[TASK INSTRUCTIONS]: Write down exactly the lines of the listing below, beginning with the one containing "point P1 (-20.4724, -2.7051)" and closing with the final line.

--

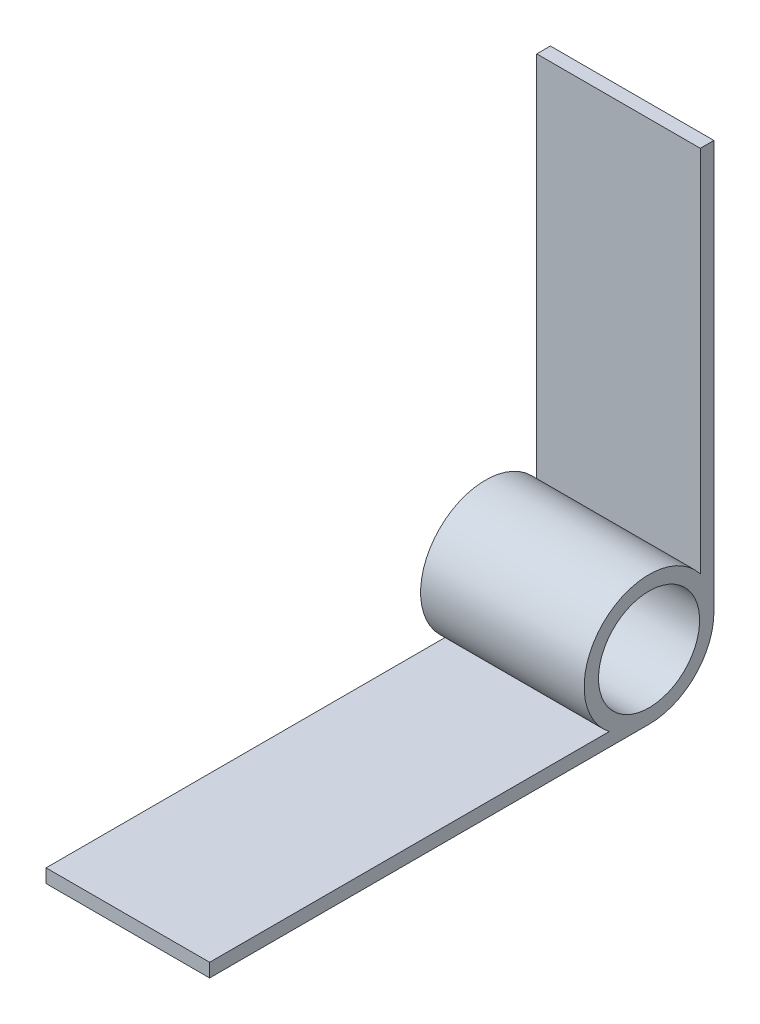
SolidWorks part; units mm, degrees
ref_plane "Front Plane" through (0, 0, 0) normal (0, 0, 1) x (1, 0, 0)
ref_plane "Top Plane" through (0, 0, 0) normal (0, 1, 0) x (1, 0, 0)
ref_plane "Right Plane" through (0, 0, 0) normal (1, 0, 0) x (0, 0, -1)
sketch "Sketch1" plane through (0, 0, 0) normal (1, 0, 0) x (0, 0, -1)
  line L0 (3.0226, 0) -> (3.0226, 19.0246)
  line L1 (3.0226, 19.0246) -> (2.3876, 19.0246)
  line L2 (2.3876, 19.0246) -> (2.3876, 1.8535)
  line L3 (0, -3.0226) -> (-20.4724, -3.0226)
  line L4 (-20.4724, -3.0226) -> (-20.4724, -2.3876)
  line L5 (-20.4724, -2.3876) -> (-1.8535, -2.3876)
  arc A0 (0, -3.0226) -> (3.0226, 0) centre (0, 0) ccw
  arc A1 (2.3876, 1.8535) -> (-1.8535, -2.3876) centre (0, 0) ccw
  circle A2 centre (0, 0) radius 2.3559
  point P1 (-20.4724, -2.7051)
  dimension "D1" = 22.0472
  dimension "D5" = 3.0226
  dimension "D2" = 23.495
  dimension "D3" = 0.635
  dimension "D4" = 0.635
extrude "Boss-Extrude1" add sketch "Sketch1" along normal blind 7.62

--

[ANSWER TO THE EXERCISE]:
  point P1 (-20.4724, -2.7051)
  dimension "D1" = 22.0472
  dimension "D5" = 3.0226
  dimension "D2" = 23.495
  dimension "D3" = 0.635
  dimension "D4" = 0.635
extrude "Boss-Extrude1" add sketch "Sketch1" along normal blind 7.62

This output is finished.